Um dia destes ainda
veremos alguns a pedir já não “outro” Tribunal Constitucional mas, talvez, a
dissolução do povo que somos e a eleição de outro
Não terá tarefa
fácil quem queira intervir nesta controvérsia, ideológica, aguda, que opõe o
Governo ao Tribunal Constitucional. Abdicar de refletir sobre o que de mais
profundo nela está em causa não será, porém, o caminho mais democrático e
seria, seguramente, civicamente repreensível e eticamente censurável.
Jurista de
formação, advogado praticante e professor de Direito em algum tempo livre,
assumo, no transe, uma lapidar convicção de Francisco Sá Carneiro: primeiro sou
português, depois democrata e, só depois, social-democrata. Nesta perspetiva,
apenas pretendo deixar aqui uma singela reflexão, sofrida, de resto, ao ver
tanta imbecilidade à solta.
Chamado a
pronunciar-se, nos termos da Constituição da República Portuguesa, sobre a
constitucionalidade de algumas normas do OE para 2014, aquele Tribunal declarou
três normas inconstitucionais dando razão a quem alegava que as normas violavam
o princípio de igualdade (art.º 13º, nº1 da CRP) e o princípio do Estado de
direito democrático (art.º 2 da CRP) nos
subprincípios que o concretizam ou, em seu torno, se congregam, nomeadamente o
da tutela da confiança e o da proporcionalidade, princípios estes que – é bom
lembrar a melhor doutrina constitucional – “densificam
a ideia de sujeição do poder a princípios e regras jurídicas” (Cf. J.J.

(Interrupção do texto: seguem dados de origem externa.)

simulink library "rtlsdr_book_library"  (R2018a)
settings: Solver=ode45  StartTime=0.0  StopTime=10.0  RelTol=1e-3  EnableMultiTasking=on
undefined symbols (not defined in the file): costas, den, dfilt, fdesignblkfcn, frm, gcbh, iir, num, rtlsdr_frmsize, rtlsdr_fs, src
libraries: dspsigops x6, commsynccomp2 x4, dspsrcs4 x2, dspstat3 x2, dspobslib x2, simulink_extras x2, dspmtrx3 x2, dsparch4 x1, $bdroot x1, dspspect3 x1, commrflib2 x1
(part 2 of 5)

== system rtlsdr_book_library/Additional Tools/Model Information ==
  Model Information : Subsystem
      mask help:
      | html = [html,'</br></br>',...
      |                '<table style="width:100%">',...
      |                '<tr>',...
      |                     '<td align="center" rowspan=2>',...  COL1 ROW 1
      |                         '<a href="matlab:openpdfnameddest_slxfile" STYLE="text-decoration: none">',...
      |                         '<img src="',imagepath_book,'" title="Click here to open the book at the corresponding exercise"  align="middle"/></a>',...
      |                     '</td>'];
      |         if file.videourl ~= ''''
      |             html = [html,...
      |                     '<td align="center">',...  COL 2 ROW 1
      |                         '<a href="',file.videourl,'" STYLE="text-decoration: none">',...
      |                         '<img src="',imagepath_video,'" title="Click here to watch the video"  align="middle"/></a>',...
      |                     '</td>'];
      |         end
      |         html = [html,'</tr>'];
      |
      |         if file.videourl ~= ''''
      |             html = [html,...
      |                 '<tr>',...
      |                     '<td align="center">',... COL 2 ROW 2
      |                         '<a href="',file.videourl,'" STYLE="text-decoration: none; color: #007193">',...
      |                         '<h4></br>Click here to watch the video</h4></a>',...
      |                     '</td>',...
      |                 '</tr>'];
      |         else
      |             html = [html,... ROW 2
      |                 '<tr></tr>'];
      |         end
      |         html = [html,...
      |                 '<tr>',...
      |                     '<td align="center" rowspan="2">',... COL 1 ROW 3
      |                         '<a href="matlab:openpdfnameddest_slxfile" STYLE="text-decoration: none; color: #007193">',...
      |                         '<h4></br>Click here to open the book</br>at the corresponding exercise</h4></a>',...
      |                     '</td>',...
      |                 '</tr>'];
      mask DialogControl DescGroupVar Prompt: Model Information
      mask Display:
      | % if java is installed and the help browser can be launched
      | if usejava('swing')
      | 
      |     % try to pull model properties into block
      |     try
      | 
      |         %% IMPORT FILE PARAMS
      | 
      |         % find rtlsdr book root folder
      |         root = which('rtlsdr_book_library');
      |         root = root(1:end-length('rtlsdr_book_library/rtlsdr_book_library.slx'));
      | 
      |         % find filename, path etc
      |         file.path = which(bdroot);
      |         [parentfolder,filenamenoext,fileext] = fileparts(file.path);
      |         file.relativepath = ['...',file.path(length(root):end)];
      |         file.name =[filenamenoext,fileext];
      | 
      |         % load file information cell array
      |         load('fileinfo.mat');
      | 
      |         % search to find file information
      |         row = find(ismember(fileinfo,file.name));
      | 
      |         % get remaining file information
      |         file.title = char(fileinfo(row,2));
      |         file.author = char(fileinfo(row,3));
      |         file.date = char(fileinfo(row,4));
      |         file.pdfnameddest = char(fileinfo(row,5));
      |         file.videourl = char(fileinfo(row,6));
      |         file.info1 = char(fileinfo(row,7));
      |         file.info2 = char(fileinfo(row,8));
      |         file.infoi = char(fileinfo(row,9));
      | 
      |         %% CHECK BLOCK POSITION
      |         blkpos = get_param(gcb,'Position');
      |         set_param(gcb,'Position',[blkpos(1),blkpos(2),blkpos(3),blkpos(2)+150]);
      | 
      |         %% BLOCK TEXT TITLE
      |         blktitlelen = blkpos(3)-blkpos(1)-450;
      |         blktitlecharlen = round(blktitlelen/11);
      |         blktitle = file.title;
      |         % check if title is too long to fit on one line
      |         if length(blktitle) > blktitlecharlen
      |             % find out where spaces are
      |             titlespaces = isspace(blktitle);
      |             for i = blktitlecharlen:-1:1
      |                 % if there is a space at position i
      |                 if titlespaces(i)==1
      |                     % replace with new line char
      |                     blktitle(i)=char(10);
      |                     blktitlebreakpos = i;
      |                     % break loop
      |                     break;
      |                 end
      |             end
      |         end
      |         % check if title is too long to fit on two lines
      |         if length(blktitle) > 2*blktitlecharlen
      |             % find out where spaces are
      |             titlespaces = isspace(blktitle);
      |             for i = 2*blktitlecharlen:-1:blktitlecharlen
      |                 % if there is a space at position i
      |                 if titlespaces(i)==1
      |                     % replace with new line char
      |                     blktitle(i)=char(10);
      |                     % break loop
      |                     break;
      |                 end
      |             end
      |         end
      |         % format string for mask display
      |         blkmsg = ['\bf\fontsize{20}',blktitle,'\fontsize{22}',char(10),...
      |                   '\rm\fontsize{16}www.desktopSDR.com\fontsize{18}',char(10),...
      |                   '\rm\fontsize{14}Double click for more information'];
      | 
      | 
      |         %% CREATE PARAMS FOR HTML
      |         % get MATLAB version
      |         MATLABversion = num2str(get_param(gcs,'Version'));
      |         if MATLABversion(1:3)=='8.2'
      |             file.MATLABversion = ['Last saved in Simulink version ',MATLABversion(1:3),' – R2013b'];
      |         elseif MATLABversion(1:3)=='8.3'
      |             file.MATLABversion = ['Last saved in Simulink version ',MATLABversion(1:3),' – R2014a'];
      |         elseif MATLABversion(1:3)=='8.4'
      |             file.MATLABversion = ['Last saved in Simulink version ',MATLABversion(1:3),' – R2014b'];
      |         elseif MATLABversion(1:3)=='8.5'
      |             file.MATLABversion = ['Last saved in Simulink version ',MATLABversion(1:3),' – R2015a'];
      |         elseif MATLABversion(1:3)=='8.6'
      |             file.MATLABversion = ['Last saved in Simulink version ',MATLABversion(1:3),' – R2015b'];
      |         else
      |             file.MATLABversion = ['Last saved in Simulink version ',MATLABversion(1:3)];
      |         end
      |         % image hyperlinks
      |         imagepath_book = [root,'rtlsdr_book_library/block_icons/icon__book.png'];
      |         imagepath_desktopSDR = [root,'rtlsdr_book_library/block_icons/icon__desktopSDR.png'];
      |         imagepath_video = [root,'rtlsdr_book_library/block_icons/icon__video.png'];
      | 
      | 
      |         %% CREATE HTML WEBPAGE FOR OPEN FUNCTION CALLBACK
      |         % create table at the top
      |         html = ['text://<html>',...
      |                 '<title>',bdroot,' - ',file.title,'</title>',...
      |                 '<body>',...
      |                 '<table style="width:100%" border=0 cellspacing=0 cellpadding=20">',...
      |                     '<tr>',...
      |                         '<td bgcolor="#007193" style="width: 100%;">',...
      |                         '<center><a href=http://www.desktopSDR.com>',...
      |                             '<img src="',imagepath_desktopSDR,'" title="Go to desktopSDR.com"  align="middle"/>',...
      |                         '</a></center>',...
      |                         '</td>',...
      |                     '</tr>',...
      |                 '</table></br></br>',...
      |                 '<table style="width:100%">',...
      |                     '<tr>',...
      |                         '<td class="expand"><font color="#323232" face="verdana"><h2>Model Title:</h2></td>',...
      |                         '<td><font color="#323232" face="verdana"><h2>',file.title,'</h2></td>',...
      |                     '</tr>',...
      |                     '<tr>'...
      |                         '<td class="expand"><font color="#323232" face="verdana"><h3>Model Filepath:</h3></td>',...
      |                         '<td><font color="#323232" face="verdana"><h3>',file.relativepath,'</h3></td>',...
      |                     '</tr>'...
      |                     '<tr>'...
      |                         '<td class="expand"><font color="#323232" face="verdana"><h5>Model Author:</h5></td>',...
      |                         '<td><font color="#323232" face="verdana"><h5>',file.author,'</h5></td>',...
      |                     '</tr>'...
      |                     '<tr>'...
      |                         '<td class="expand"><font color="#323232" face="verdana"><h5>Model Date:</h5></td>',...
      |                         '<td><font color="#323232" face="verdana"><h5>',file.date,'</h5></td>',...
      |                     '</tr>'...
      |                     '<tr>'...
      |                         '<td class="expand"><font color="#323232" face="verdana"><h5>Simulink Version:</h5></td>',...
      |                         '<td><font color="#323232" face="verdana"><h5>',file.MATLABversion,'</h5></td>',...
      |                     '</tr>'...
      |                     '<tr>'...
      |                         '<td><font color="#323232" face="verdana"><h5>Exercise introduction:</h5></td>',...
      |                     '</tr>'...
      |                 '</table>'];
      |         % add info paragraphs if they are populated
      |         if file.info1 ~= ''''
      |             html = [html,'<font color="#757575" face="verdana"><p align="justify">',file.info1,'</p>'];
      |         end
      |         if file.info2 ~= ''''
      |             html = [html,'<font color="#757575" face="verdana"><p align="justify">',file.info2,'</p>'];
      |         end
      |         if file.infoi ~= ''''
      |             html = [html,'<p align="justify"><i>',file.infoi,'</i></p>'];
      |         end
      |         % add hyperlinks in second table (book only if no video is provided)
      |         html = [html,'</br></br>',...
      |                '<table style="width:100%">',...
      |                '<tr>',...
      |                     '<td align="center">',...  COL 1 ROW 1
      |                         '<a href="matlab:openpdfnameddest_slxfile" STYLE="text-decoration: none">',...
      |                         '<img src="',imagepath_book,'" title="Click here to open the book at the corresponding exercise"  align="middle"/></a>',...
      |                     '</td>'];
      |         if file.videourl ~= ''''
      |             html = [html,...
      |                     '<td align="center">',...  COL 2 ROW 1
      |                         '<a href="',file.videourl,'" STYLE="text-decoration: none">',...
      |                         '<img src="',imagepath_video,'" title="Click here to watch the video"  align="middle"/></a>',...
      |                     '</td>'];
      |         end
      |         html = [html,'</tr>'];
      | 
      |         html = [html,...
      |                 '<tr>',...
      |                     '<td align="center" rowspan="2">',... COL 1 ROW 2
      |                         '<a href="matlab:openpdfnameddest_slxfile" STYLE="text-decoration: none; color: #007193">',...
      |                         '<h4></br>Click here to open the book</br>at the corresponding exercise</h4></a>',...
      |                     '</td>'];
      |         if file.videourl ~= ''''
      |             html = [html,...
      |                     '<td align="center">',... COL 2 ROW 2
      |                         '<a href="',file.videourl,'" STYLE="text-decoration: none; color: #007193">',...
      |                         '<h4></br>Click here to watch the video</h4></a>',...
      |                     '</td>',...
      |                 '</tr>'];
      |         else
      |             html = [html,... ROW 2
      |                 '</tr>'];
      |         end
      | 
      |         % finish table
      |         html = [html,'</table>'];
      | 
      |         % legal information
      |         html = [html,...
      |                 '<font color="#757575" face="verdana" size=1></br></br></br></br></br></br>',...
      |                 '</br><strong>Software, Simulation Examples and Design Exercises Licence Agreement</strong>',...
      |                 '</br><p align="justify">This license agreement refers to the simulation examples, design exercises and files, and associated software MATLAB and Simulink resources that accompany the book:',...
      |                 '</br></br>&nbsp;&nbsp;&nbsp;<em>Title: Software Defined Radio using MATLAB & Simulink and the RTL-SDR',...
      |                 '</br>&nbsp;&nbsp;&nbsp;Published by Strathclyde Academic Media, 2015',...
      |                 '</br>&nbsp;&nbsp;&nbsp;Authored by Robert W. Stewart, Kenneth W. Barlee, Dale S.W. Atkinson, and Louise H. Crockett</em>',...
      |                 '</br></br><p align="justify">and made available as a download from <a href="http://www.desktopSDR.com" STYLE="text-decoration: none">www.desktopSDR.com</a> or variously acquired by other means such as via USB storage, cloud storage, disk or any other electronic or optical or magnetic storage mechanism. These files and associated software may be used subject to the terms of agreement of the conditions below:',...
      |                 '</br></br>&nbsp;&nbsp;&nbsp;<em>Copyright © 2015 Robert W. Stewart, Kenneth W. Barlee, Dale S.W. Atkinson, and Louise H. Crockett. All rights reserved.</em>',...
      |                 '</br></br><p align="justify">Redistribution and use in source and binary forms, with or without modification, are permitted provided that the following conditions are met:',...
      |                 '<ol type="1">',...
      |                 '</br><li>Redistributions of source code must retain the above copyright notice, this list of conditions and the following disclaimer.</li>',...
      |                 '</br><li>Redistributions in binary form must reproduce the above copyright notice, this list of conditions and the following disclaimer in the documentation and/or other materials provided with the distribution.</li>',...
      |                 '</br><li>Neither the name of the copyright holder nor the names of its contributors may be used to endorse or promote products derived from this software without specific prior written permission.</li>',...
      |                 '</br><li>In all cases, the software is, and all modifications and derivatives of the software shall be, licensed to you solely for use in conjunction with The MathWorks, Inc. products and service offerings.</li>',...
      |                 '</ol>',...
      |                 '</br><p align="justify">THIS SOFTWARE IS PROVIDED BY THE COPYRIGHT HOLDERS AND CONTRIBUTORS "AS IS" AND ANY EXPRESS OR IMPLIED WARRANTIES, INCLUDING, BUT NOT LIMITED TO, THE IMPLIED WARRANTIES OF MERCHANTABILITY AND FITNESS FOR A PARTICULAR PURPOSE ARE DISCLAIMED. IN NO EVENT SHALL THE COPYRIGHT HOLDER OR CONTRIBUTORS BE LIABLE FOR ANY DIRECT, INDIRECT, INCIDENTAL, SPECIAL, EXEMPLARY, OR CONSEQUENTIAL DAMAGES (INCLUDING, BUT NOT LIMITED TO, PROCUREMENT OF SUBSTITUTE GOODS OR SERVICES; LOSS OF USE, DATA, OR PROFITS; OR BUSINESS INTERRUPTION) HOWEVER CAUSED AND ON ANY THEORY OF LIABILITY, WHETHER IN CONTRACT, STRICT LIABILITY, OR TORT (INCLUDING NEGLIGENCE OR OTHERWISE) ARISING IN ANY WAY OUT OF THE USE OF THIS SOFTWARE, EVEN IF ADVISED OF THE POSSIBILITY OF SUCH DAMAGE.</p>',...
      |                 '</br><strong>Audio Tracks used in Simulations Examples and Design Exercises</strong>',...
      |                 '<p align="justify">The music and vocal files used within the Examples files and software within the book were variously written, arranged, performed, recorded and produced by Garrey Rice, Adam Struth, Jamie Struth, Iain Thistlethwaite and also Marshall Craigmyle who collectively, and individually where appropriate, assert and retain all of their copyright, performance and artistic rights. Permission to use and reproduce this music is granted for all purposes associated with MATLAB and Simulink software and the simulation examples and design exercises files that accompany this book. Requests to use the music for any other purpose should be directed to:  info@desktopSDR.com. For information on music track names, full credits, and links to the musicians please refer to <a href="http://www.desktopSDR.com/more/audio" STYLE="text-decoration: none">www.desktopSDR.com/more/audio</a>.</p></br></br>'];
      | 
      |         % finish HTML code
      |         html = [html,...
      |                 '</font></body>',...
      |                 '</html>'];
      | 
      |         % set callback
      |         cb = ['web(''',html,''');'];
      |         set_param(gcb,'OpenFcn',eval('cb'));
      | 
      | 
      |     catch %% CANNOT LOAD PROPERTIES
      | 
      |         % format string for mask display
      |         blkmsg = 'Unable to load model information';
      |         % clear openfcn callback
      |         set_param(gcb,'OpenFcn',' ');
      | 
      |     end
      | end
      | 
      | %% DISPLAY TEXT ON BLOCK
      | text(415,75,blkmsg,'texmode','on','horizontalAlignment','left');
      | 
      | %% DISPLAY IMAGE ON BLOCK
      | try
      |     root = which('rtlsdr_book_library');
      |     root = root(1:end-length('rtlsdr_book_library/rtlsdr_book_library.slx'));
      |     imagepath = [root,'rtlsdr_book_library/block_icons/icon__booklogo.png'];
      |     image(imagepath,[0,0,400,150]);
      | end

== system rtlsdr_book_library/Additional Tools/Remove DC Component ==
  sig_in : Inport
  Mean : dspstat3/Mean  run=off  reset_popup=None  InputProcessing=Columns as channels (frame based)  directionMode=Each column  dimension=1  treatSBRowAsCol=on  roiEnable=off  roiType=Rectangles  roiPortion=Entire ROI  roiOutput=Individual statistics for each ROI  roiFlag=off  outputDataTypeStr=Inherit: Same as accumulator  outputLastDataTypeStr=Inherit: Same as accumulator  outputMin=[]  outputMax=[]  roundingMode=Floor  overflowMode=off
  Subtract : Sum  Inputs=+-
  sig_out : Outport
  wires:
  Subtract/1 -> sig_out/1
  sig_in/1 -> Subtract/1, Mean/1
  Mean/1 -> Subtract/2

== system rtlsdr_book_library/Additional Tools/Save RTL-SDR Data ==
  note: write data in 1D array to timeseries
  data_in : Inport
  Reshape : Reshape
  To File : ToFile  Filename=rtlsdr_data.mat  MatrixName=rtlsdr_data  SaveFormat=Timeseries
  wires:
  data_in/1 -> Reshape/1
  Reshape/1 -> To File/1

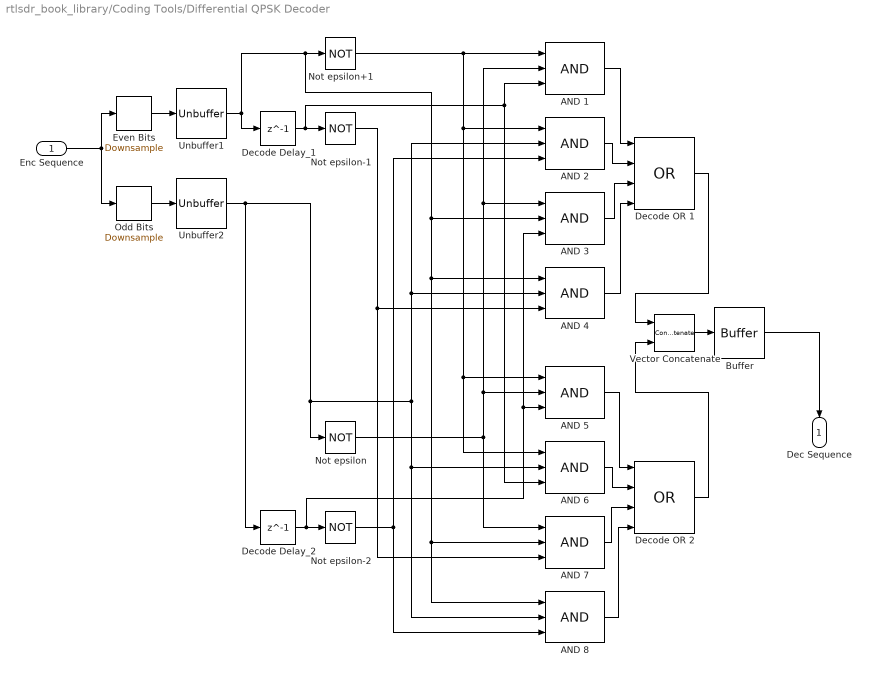
== system rtlsdr_book_library/Coding Tools/Differential QPSK Decoder ==
  Enc Sequence : Inport
  AND {1..8} (8 alike) : Logic  Inputs=3  IconShape=distinctive  AllPortsSameDT=off  OutDataTypeStr=boolean
  Buffer : Buffer  N=op_buff_len
  Decode Delay_1 : Delay  DelayLength=1  InitialCondition=0
  Decode Delay_2 : Delay  DelayLength=1  InitialCondition=0
  Decode OR 1 : Logic  Operator=OR  Inputs=4  IconShape=distinctive  AllPortsSameDT=off  OutDataTypeStr=boolean
  Decode OR 2 : Logic  Operator=OR  Inputs=4  IconShape=distinctive  AllPortsSameDT=off  OutDataTypeStr=boolean
  Even Bits : dspsigops/Downsample  N=2  phase=1  InputProcessing=Columns as channels (frame based)  RateOptions=Enforce single-rate processing  smode=Allow multirate  fmode=Maintain input frame size  ic=0
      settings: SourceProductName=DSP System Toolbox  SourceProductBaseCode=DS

Gomes Canotilho; Vital Moreira, Constituição
da República Portuguesa Anotada, Vol. I, 4ª ed., p. 205).
Caberá, também, sublinhar que “Os
princípios são normas jurídicas impositivas de uma optimização, compatíveis com
vários graus de concretização, consoante os condicionalismos fácticos e
jurídicos” (...) “os princípios, ao
constituirem exigências de optimização, permitem o balanceamento de valores e
interesses (não obedecem, como as regras, à ‘lógica do tudo ou nada’), consoante
o seu peso e a ponderação de outros princípios eventualmente conflituantes;”
(Cf. JJ Gomes Canotilho, Direito Constitucional e Teoria da Constituição, 7ª
ed., 1161).
Face ao exposto e considerando, ainda, que o Acórdão em causa contém
declarações de voto relevantes e que, sobretudo, não colheu a unanimidade dos
juízes do Tribunal Constitucional, não se defenderá o caminho de uma pretensa
“ditadura dos princípios”. Mas também não se poderá deixar de condenar uma
outra ditadura, porventura ainda pior, qual seja a ditadura da “Troika” e dos
seus sequazes nacionais,
É óbvio que um Tribunal Constitucional não vive numa redoma de vidro
alheio à política (às doutrinas e às ideologias) mas, antes, está na comunidade
e deve dar-lhe voz no plano institucional que é o seu. Ou não terá qualquer
sentido a sua existência.
Vale isto por dizer, em síntese, que uma qualquer decisão do Tribunal
Constitucional, por mais criticável que seja, deixa de merecer um acolhimento
prudente de todos, sobretudo daqueles que têm o poder político nas mãos.
Está a ser posta em causa, neste combate imbecil e de imbecis contra o
Tribunal Constitucional uma das últimas fronteiras da democracia. Será que
estaremos conscientes deste risco?
Um dia destes ainda veremos alguns a pedir já não “outro” Tribunal Constitucional mas, talvez, a dissolução do povo que somos e a eleição de outro.